►
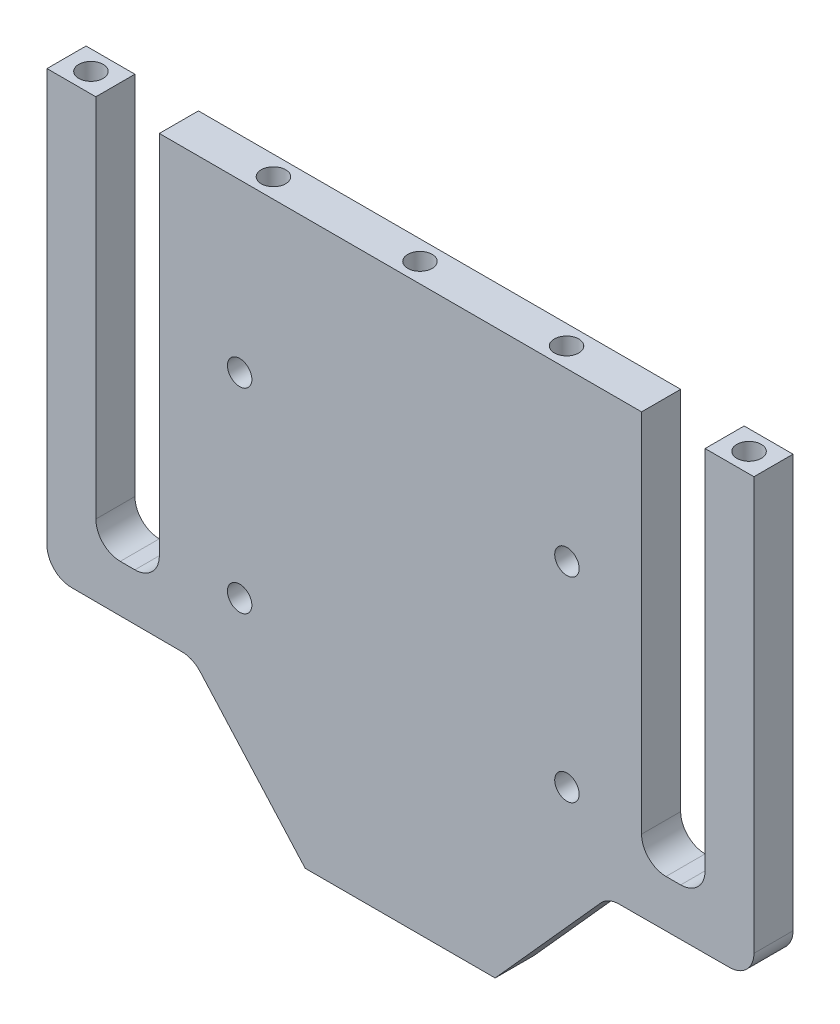
from build123d import *

# Parameters (mm, degrees)
BOSS_EXTRUDE1_DEPTH    = 8
SKETCH2_W              = 45
SKETCH2_H              = 52
CUT_EXTRUDE1_DEPTH     = 342.206659287
SPLIT1_SURFACE_1_BACK  = 343.199
SPLIT1_SURFACE_1_DEPTH = 686.398
SPLIT1_SURFACE_2_BACK  = 343.199
SPLIT1_SURFACE_2_DEPTH = 686.398
SKETCH5_R              = 2.5
CUT_EXTRUDE6_DEPTH     = 5.2
SKETCH4_R              = 2.5
CUT_EXTRUDE7_DEPTH     = 5.2
SKETCH6_R              = 2.5
CUT_EXTRUDE8_DEPTH     = 184.408541223


with BuildPart() as part:
    # Sketch1 → Boss-Extrude1 (new body)
    with BuildSketch(Plane.XY):
        with BuildLine():
            Line((70, 309.985818768), (85.299227191, 309.985818768))
            ThreePointArc((85.299227191, 309.985818768), (88.489017574, 308.836174247), (90.211957942, 305.915913694))
            Line((90.211957942, 305.915913694), (96.672728921, 271.790334282))
            ThreePointArc((96.672728921, 271.790334282), (97.06575438, 270.906904614), (97.621470019, 270.115641625))
            Line((97.621470019, 270.115641625), (139.950460317, 220.786053348))
            ThreePointArc((139.950460317, 220.786053348), (141.739336996, 217.746026552), (142.361429131, 214.274017901))
            Line((142.361429131, 214.274017901), (142.361429131, 30.859943174))
            ThreePointArc((142.361429131, 30.859943174), (140.896963037, 27.324409268), (137.361429131, 25.859943174))
            Line((137.361429131, 25.859943174), (114.717190871, 25.782318449))
            ThreePointArc((114.717190871, 25.782318449), (112.681998989, 25.341726514), (111.002773989, 24.110332733))
            Line((111.002773989, 24.110332733), (89.38285929, 0))
            Line((89.38285929, 0), (50.5, 0))
            Line((50.5, 0), (28.997226011, 24.110332733))
            ThreePointArc((28.997226011, 24.110332733), (27.318001011, 25.341726514), (25.282809129, 25.782318449))
            Line((25.282809129, 25.782318449), (2.638570869, 25.859943174))
            ThreePointArc((2.638570869, 25.859943174), (-0.896963037, 27.324409268), (-2.361429131, 30.859943174))
            Line((-2.361429131, 30.859943174), (-2.361429131, 214.274017901))
            ThreePointArc((-2.361429131, 214.274017901), (-1.739336996, 217.746026552), (0.049539683, 220.786053348))
            Line((0.049539683, 220.786053348), (42.261389271, 270.115641625))
            ThreePointArc((42.261389271, 270.115641625), (42.81710491, 270.906904614), (43.210130369, 271.790334282))
            Line((43.210130369, 271.790334282), (49.724618218, 305.923183314))
            ThreePointArc((49.724618218, 305.923183314), (51.449026762, 308.838533573), (54.635967087, 309.985818768))
            Line((54.635967087, 309.985818768), (70, 309.985818768))
        make_face()
        with BuildLine():
            Line((12.638570869, 35.492492662), (15.638570869, 35.492492662))
            ThreePointArc((15.638570869, 35.492492662), (19.174104775, 36.956958756), (20.638570869, 40.492492662))
            Line((20.638570869, 40.492492662), (20.638570869, 213.625959477))
            Line((20.638570869, 213.625959477), (7.638570869, 213.625959477))
            Line((7.638570869, 213.625959477), (7.638570869, 40.492492662))
            ThreePointArc((7.638570869, 40.492492662), (9.103036963, 36.956958756), (12.638570869, 35.492492662))
        make_face(mode=Mode.SUBTRACT)
        with BuildLine():
            Line((127.361429131, 35.492492662), (124.361429131, 35.492492662))
            ThreePointArc((124.361429131, 35.492492662), (120.825895225, 36.956958756), (119.361429131, 40.492492662))
            Line((119.361429131, 40.492492662), (119.361429131, 213.625959477))
            Line((119.361429131, 213.625959477), (132.361429131, 213.625959477))
            Line((132.361429131, 213.625959477), (132.361429131, 40.492492662))
            ThreePointArc((132.361429131, 40.492492662), (130.896963037, 36.956958756), (127.361429131, 35.492492662))
        make_face(mode=Mode.SUBTRACT)
    extrude(amount=BOSS_EXTRUDE1_DEPTH)

    # Sketch2 → Cut-Extrude1 (cut, through all)
    with BuildSketch(Plane.XY.offset(8)):
        with Locations((69.88285929, 180.008918923)):
            Rectangle(SKETCH2_W, SKETCH2_H)
    extrude(amount=-CUT_EXTRUDE1_DEPTH, mode=Mode.SUBTRACT)


with BuildPart() as body_2:
    # Split1: the piece behind the surface
    add(part.part)
    # Split1 surface: a surface, the sketch's curves swept straight by 686.398 mm
    with BuildLine(Plane(origin=(0, 0, 0), x_dir=(-1, 0, 0), z_dir=(0, 0, -1)).offset(-SPLIT1_SURFACE_1_BACK), mode=Mode.PRIVATE) as split1_surface_1_path:
        Line((-142.361429131, 115.359943174), (2.361429131, 115.359943174))
    split1_surface_1 = Shell.extrude(split1_surface_1_path.wire(), (0 * SPLIT1_SURFACE_1_DEPTH, 0 * SPLIT1_SURFACE_1_DEPTH, -1 * SPLIT1_SURFACE_1_DEPTH))
    split(bisect_by=split1_surface_1, keep=Keep.BOTTOM)

    # Sketch5 → Cut-Extrude6 (cut)
    with BuildSketch(Plane(origin=(0, 115.359943174, -115.359943174), x_dir=(1, 0, 0), z_dir=(0, -1, 0))):
        with Locations(Location((100, 119.359943174, 0), (0, 0, 90))):
            Circle(SKETCH5_R)
        with Locations(Location((2.638570869, 119.359943174, 0), (0, 0, 270))):
            Circle(SKETCH5_R)
        with Locations(Location((40, 119.359943174, 0), (0, 0, 270))):
            Circle(SKETCH5_R)
        with Locations(Location((70, 119.359943174, 0), (0, 0, 270))):
            Circle(SKETCH5_R)
        with Locations(Location((137.361429131, 119.359943174, 0), (0, 0, 270))):
            Circle(SKETCH5_R)
    extrude(amount=CUT_EXTRUDE6_DEPTH, mode=Mode.SUBTRACT)

    # Sketch6 → Cut-Extrude8 (cut, through all)
    with BuildSketch(Plane.XY.offset(8)):
        with Locations((37.078570869, 81.192492662)):
            Circle(SKETCH6_R)
        with Locations((104.078570869, 81.192492662)):
            Circle(SKETCH6_R)
        with Locations((104.078570869, 41.192492662)):
            Circle(SKETCH6_R)
        with Locations((37.078570869, 41.192492662)):
            Circle(SKETCH6_R)
    extrude(amount=-CUT_EXTRUDE8_DEPTH, mode=Mode.SUBTRACT)


with BuildPart() as part_1:
    add(part.part)

    # Split1: split by a surface, the side it looks to stays
    # Split1 surface: a surface, the sketch's curves swept straight by 686.398 mm
    with BuildLine(Plane(origin=(0, 0, 0), x_dir=(-1, 0, 0), z_dir=(0, 0, -1)).offset(-SPLIT1_SURFACE_2_BACK), mode=Mode.PRIVATE) as split1_surface_2_path:
        Line((-142.361429131, 115.359943174), (2.361429131, 115.359943174))
    split1_surface_2 = Shell.extrude(split1_surface_2_path.wire(), (0 * SPLIT1_SURFACE_2_DEPTH, 0 * SPLIT1_SURFACE_2_DEPTH, -1 * SPLIT1_SURFACE_2_DEPTH))
    split(bisect_by=split1_surface_2, keep=Keep.TOP)

    # Sketch4 → Cut-Extrude7 (cut)
    with BuildSketch(Plane(origin=(0, 115.359943174, 0), x_dir=(-1, 0, 0), z_dir=(0, -1, 0))):
        with Locations(Location((-70, -4, 0), (0, 0, 90))):
            Circle(SKETCH4_R)
        with Locations(Location((-40, -4, 0), (0, 0, 90))):
            Circle(SKETCH4_R)
        with Locations(Location((-100, -4, 0), (0, 0, 270))):
            Circle(SKETCH4_R)
        with Locations(Location((-137.361429131, -4, 0), (0, 0, 90))):
            Circle(SKETCH4_R)
        with Locations(Location((-2.638570869, -4, 0), (0, 0, 90))):
            Circle(SKETCH4_R)
    extrude(amount=-CUT_EXTRUDE7_DEPTH, mode=Mode.SUBTRACT)


solid = body_2.part
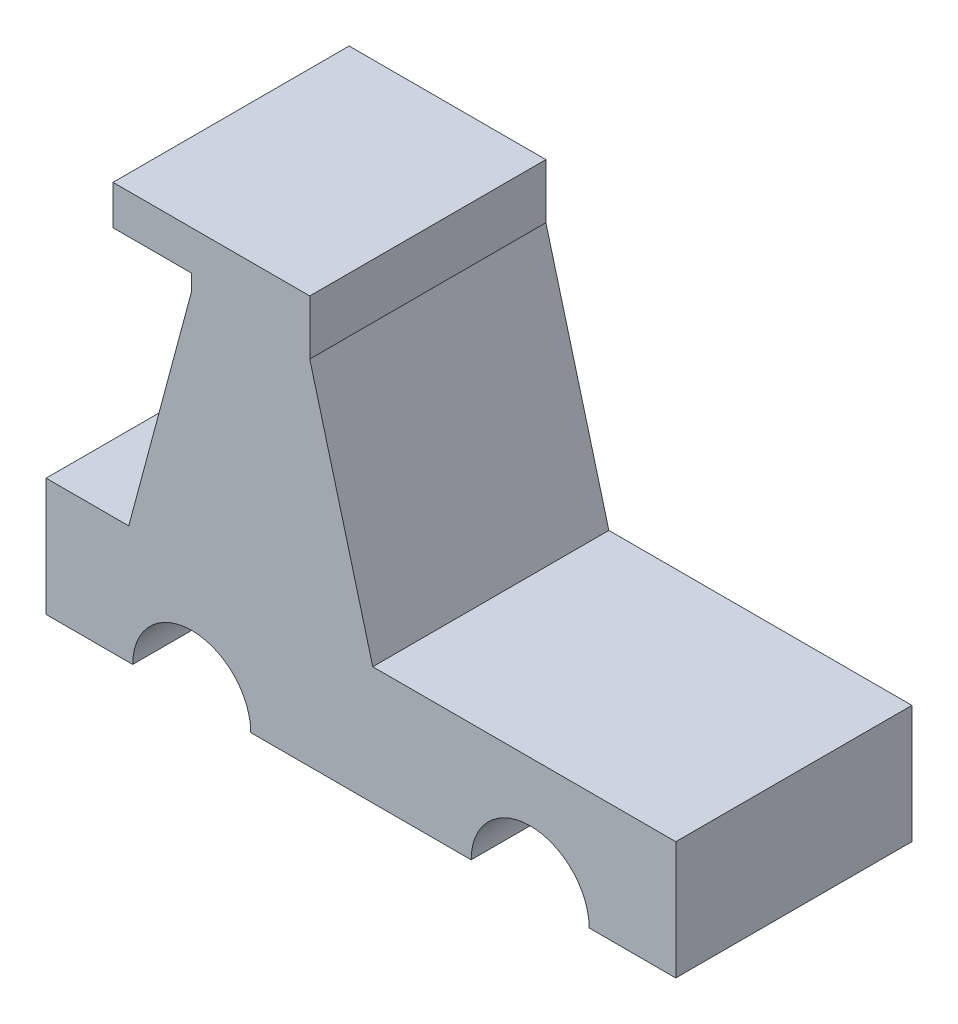
from build123d import *

# Parameters (mm, degrees)
SKETCH1_W               = 80
SKETCH1_H               = 30
BOSS_EXTRUDE1_DEPTH     = 30
CUT_EXTRUDE1_DEPTH      = 91.553851381
CUT_EXTRUDE1_DEPTH_BACK = 91.553851381
SKETCH2_R               = 7.5
BOSS_EXTRUDE2_DEPTH     = 30
CUT_EXTRUDE2_DEPTH      = 109.453861158
CUT_EXTRUDE2_DEPTH_BACK = 109.453861158
SKETCH4_W               = 102.556598927
SKETCH4_H               = 19.243482925


with BuildPart() as part:
    # Sketch1 → Boss-Extrude1 (new body)
    with BuildSketch(Plane(origin=(0, 0, 0), x_dir=(1, 0, 0), z_dir=(0, 1, 0))):
        with Locations((40, 15)):
            Rectangle(SKETCH1_W, SKETCH1_H)
    extrude(amount=BOSS_EXTRUDE1_DEPTH)

    # Sketch2 → Cut-Extrude1 (cut, two sides: drawn at the far end of the back side and taken through both)
    with BuildSketch(Plane.XY.offset(-CUT_EXTRUDE1_DEPTH_BACK)):
        with Locations((61.5, 15)):
            Circle(SKETCH2_R)
        with Locations(Location((18.5, 15, 0), (0, 0, 180))):
            Circle(SKETCH2_R)
    extrude(amount=CUT_EXTRUDE1_DEPTH + CUT_EXTRUDE1_DEPTH_BACK, mode=Mode.SUBTRACT)

    # Sketch3 → Boss-Extrude2 (add)
    with BuildSketch(Plane.XY):
        Polygon((18.5, 30), (18.5, 59.856406461), (10.5, 30), align=None)
        Polygon((8.5, 66.8), (8.5, 61.8), (18.5, 61.8), (18.5, 59.856406461), (18.5, 30), (41.5, 30), (33.5, 59.856406461), (33.5, 66.8), align=None)
    extrude(amount=-BOSS_EXTRUDE2_DEPTH)

    # Sketch4 → Cut-Extrude2 (cut, two sides: drawn at the far end of the back side and taken through both)
    with BuildSketch(Plane.XY.offset(-CUT_EXTRUDE2_DEPTH_BACK)):
        with Locations((41.179129622, 5.378258538)):
            Rectangle(SKETCH4_W, SKETCH4_H)
    extrude(amount=CUT_EXTRUDE2_DEPTH + CUT_EXTRUDE2_DEPTH_BACK, mode=Mode.SUBTRACT)


solid = part.part
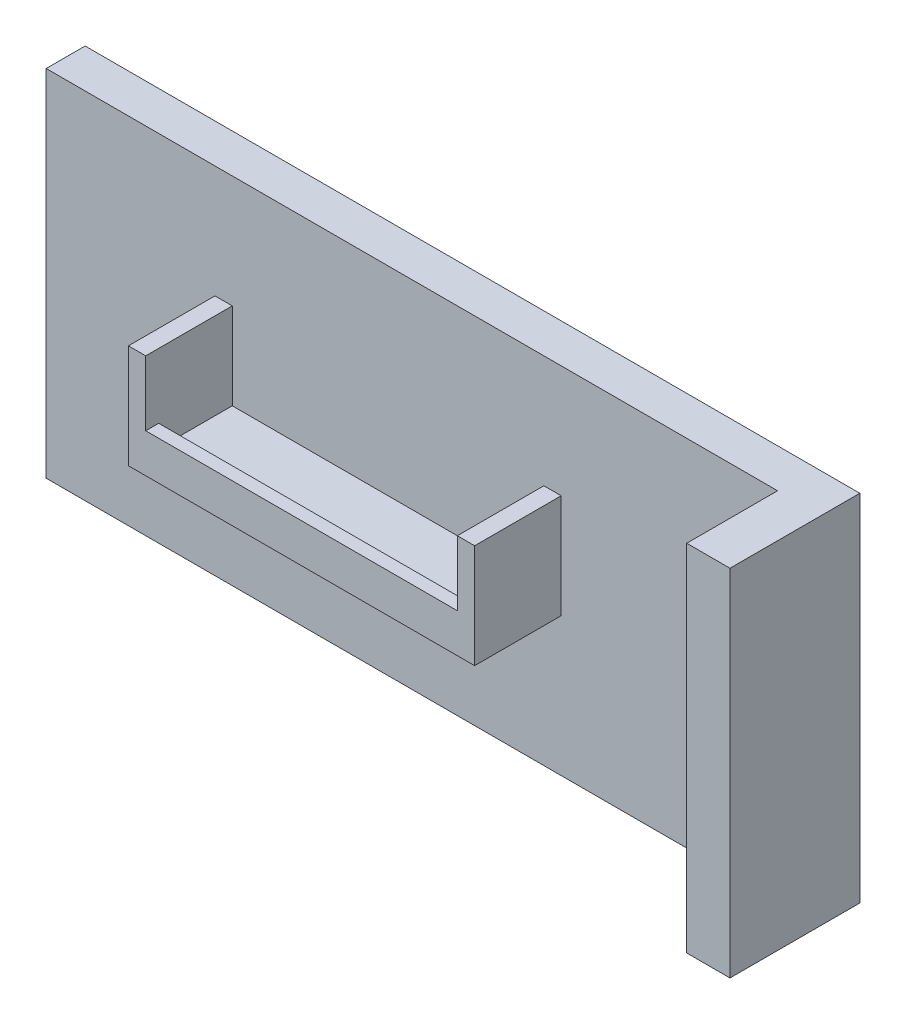
from build123d import *

# Parameters (mm, degrees)
ESQUISSE1_W        = 169
ESQUISSE1_H        = 82
BOSS_EXTRU_1_DEPTH = 9
ESQUISSE2_W        = 10
ESQUISSE2_H        = 30
BOSS_EXTRU_2_DEPTH = 82
ESQUISSE3_W        = 80
ESQUISSE3_H        = 4
BOSS_EXTRU_4_DEPTH = 20
ESQUISSE4_W        = 4
ESQUISSE4_H        = 20
BOSS_EXTRU_5_DEPTH = 20
ESQUISSE5_W        = 4
ESQUISSE5_H        = 20
BOSS_EXTRU_6_DEPTH = 20
ESQUISSE6_W        = 72
ESQUISSE6_H        = 3
BOSS_EXTRU_7_DEPTH = 5


with BuildPart() as part:
    # Esquisse1 → Boss.-Extru.1 (new body)
    with BuildSketch(Plane.XY):
        with Locations((-84.5, 41)):
            Rectangle(ESQUISSE1_W, ESQUISSE1_H)
    extrude(amount=BOSS_EXTRU_1_DEPTH)

    # Esquisse2 → Boss.-Extru.2 (add)
    with BuildSketch(Plane(origin=(0, 82, 0), x_dir=(1, 0, 0), z_dir=(0, 1, 0))):
        with Locations((5, -15)):
            Rectangle(ESQUISSE2_W, ESQUISSE2_H)
    extrude(amount=-BOSS_EXTRU_2_DEPTH)

    # Esquisse3 → Boss.-Extru.4 (add)
    with BuildSketch(Plane.XY.offset(9)):
        with Locations((-90, 34)):
            Rectangle(ESQUISSE3_W, ESQUISSE3_H)
    extrude(amount=BOSS_EXTRU_4_DEPTH)

    # Esquisse4 → Boss.-Extru.5 (add)
    with BuildSketch(Plane(origin=(0, 36, 0), x_dir=(1, 0, 0), z_dir=(0, 1, 0))):
        with Locations((-52, -19)):
            Rectangle(ESQUISSE4_W, ESQUISSE4_H)
    extrude(amount=BOSS_EXTRU_5_DEPTH)

    # Esquisse5 → Boss.-Extru.6 (add)
    with BuildSketch(Plane(origin=(0, 36, 0), x_dir=(1, 0, 0), z_dir=(0, 1, 0))):
        with Locations((-128, -19)):
            Rectangle(ESQUISSE5_W, ESQUISSE5_H)
    extrude(amount=BOSS_EXTRU_6_DEPTH)

    # Esquisse6 → Boss.-Extru.7 (add)
    with BuildSketch(Plane(origin=(0, 36, 0), x_dir=(1, 0, 0), z_dir=(0, 1, 0))):
        with Locations((-90, -27.5)):
            Rectangle(ESQUISSE6_W, ESQUISSE6_H)
    extrude(amount=BOSS_EXTRU_7_DEPTH)


solid = part.part
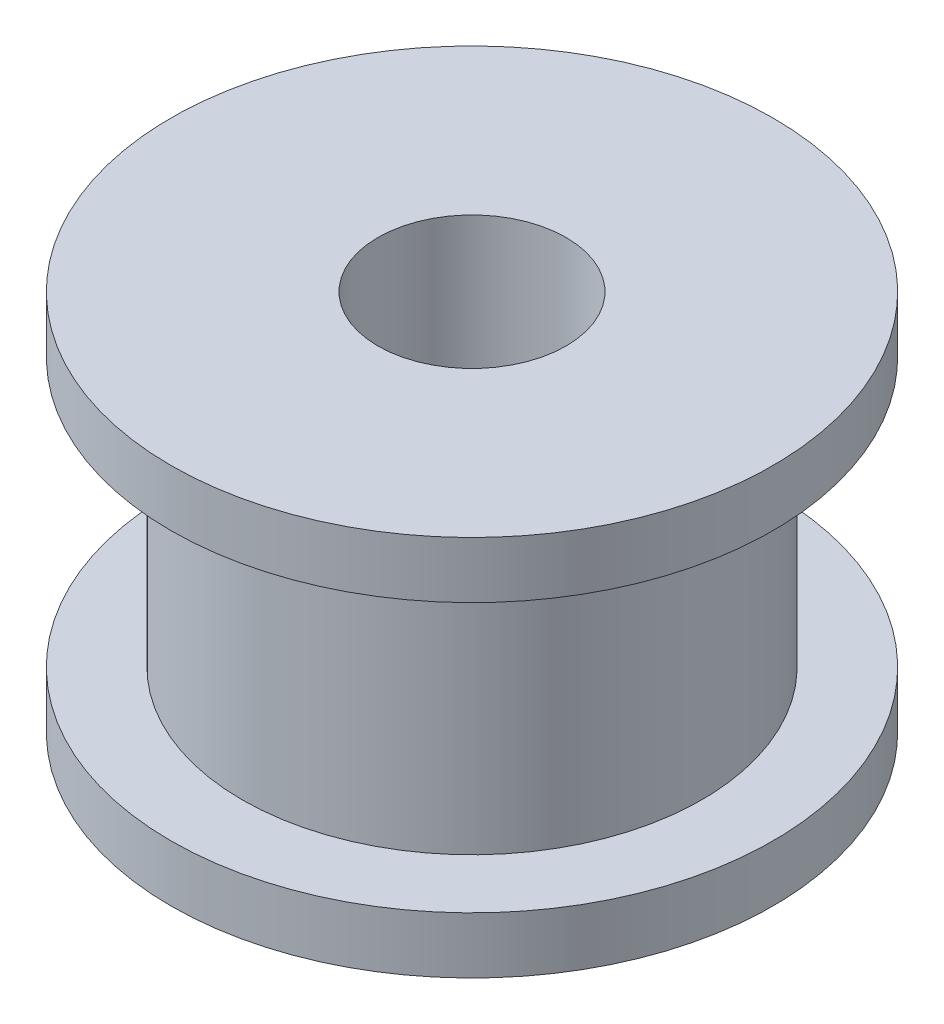
from build123d import *

# Parameters (mm, degrees)
SKETCH1_R               = 8
BOSS_EXTRUDE1_DEPTH     = 7.1
SKETCH2_R               = 6.11
BOSS_EXTRUDE2_DEPTH     = 7.14
SKETCH5_R               = 2.5
CUT_EXTRUDE2_DEPTH      = 16
SKETCH8_R               = 8
BOSS_EXTRUDE4_DEPTH     = 1.5
CUT_EXTRUDE4_START      = -15.74
SKETCH9_R               = 2.5
CUT_EXTRUDE4_DEPTH      = 15.74
CUT_EXTRUDE5_DEPTH      = 10
CUT_EXTRUDE5_DEPTH_BACK = 10
SKETCH10_W              = 16
SKETCH10_H              = 6


with BuildPart() as part:
    # Sketch1 → Boss-Extrude1 (new body)
    with BuildSketch(Plane(origin=(0, 0, 0), x_dir=(1, 0, 0), z_dir=(0, 1, 0))):
        with Locations(Location((0, 0, 0), (0, 0, 270))):
            Circle(SKETCH1_R)
    extrude(amount=BOSS_EXTRUDE1_DEPTH)

    # Sketch2 → Boss-Extrude2 (add)
    with BuildSketch(Plane(origin=(0, 7.1, 0), x_dir=(1, 0, 0), z_dir=(0, 1, 0))):
        with Locations(Location((0, 0, 0), (0, 0, 270))):
            Circle(SKETCH2_R)
    extrude(amount=BOSS_EXTRUDE2_DEPTH)

    # Sketch5 → Cut-Extrude2 (cut)
    with BuildSketch(Plane.XZ):
        with Locations(Location((0, 0, 0), (0, 0, 270))):
            Circle(SKETCH5_R)
    extrude(amount=-CUT_EXTRUDE2_DEPTH, mode=Mode.SUBTRACT)

    # Sketch8 → Boss-Extrude4 (add)
    with BuildSketch(Plane(origin=(0, 14.24, 0), x_dir=(1, 0, 0), z_dir=(0, 1, 0))):
        with Locations(Location((0, 0, 0), (0, 0, 270))):
            Circle(SKETCH8_R)
    extrude(amount=BOSS_EXTRUDE4_DEPTH)

    # Sketch9 → Cut-Extrude4 (cut)
    with BuildSketch(Plane(origin=(0, 15.74, 0), x_dir=(1, 0, 0), z_dir=(0, 1, 0)).offset(CUT_EXTRUDE4_START)):
        with Locations(Location((0, 0, 0), (0, 0, 90))):
            Circle(SKETCH9_R)
    extrude(amount=CUT_EXTRUDE4_DEPTH, mode=Mode.SUBTRACT)

    # Sketch10 → Cut-Extrude5 (cut, two sides: drawn at the far end of the back side and taken through both)
    with BuildSketch(Plane(origin=(0, 0, 0), x_dir=(0, 0, -1), z_dir=(1, 0, 0)).offset(-CUT_EXTRUDE5_DEPTH_BACK)):
        with Locations((0, 2.6)):
            Rectangle(SKETCH10_W, SKETCH10_H)
    extrude(amount=CUT_EXTRUDE5_DEPTH + CUT_EXTRUDE5_DEPTH_BACK, mode=Mode.SUBTRACT)


solid = part.part
◄
WHAT THIS TASK INVOLVES: Whenever the string "Shell" occurs in a line of the entries above, copy that line.

SOLUTION:
    split1_surface_1 = Shell.extrude(split1_surface_1_path.wire(), (0 * SPLIT1_SURFACE_1_DEPTH, 0 * SPLIT1_SURFACE_1_DEPTH, -1 * SPLIT1_SURFACE_1_DEPTH))
    split1_surface_2 = Shell.extrude(split1_surface_2_path.wire(), (0 * SPLIT1_SURFACE_2_DEPTH, 0 * SPLIT1_SURFACE_2_DEPTH, -1 * SPLIT1_SURFACE_2_DEPTH))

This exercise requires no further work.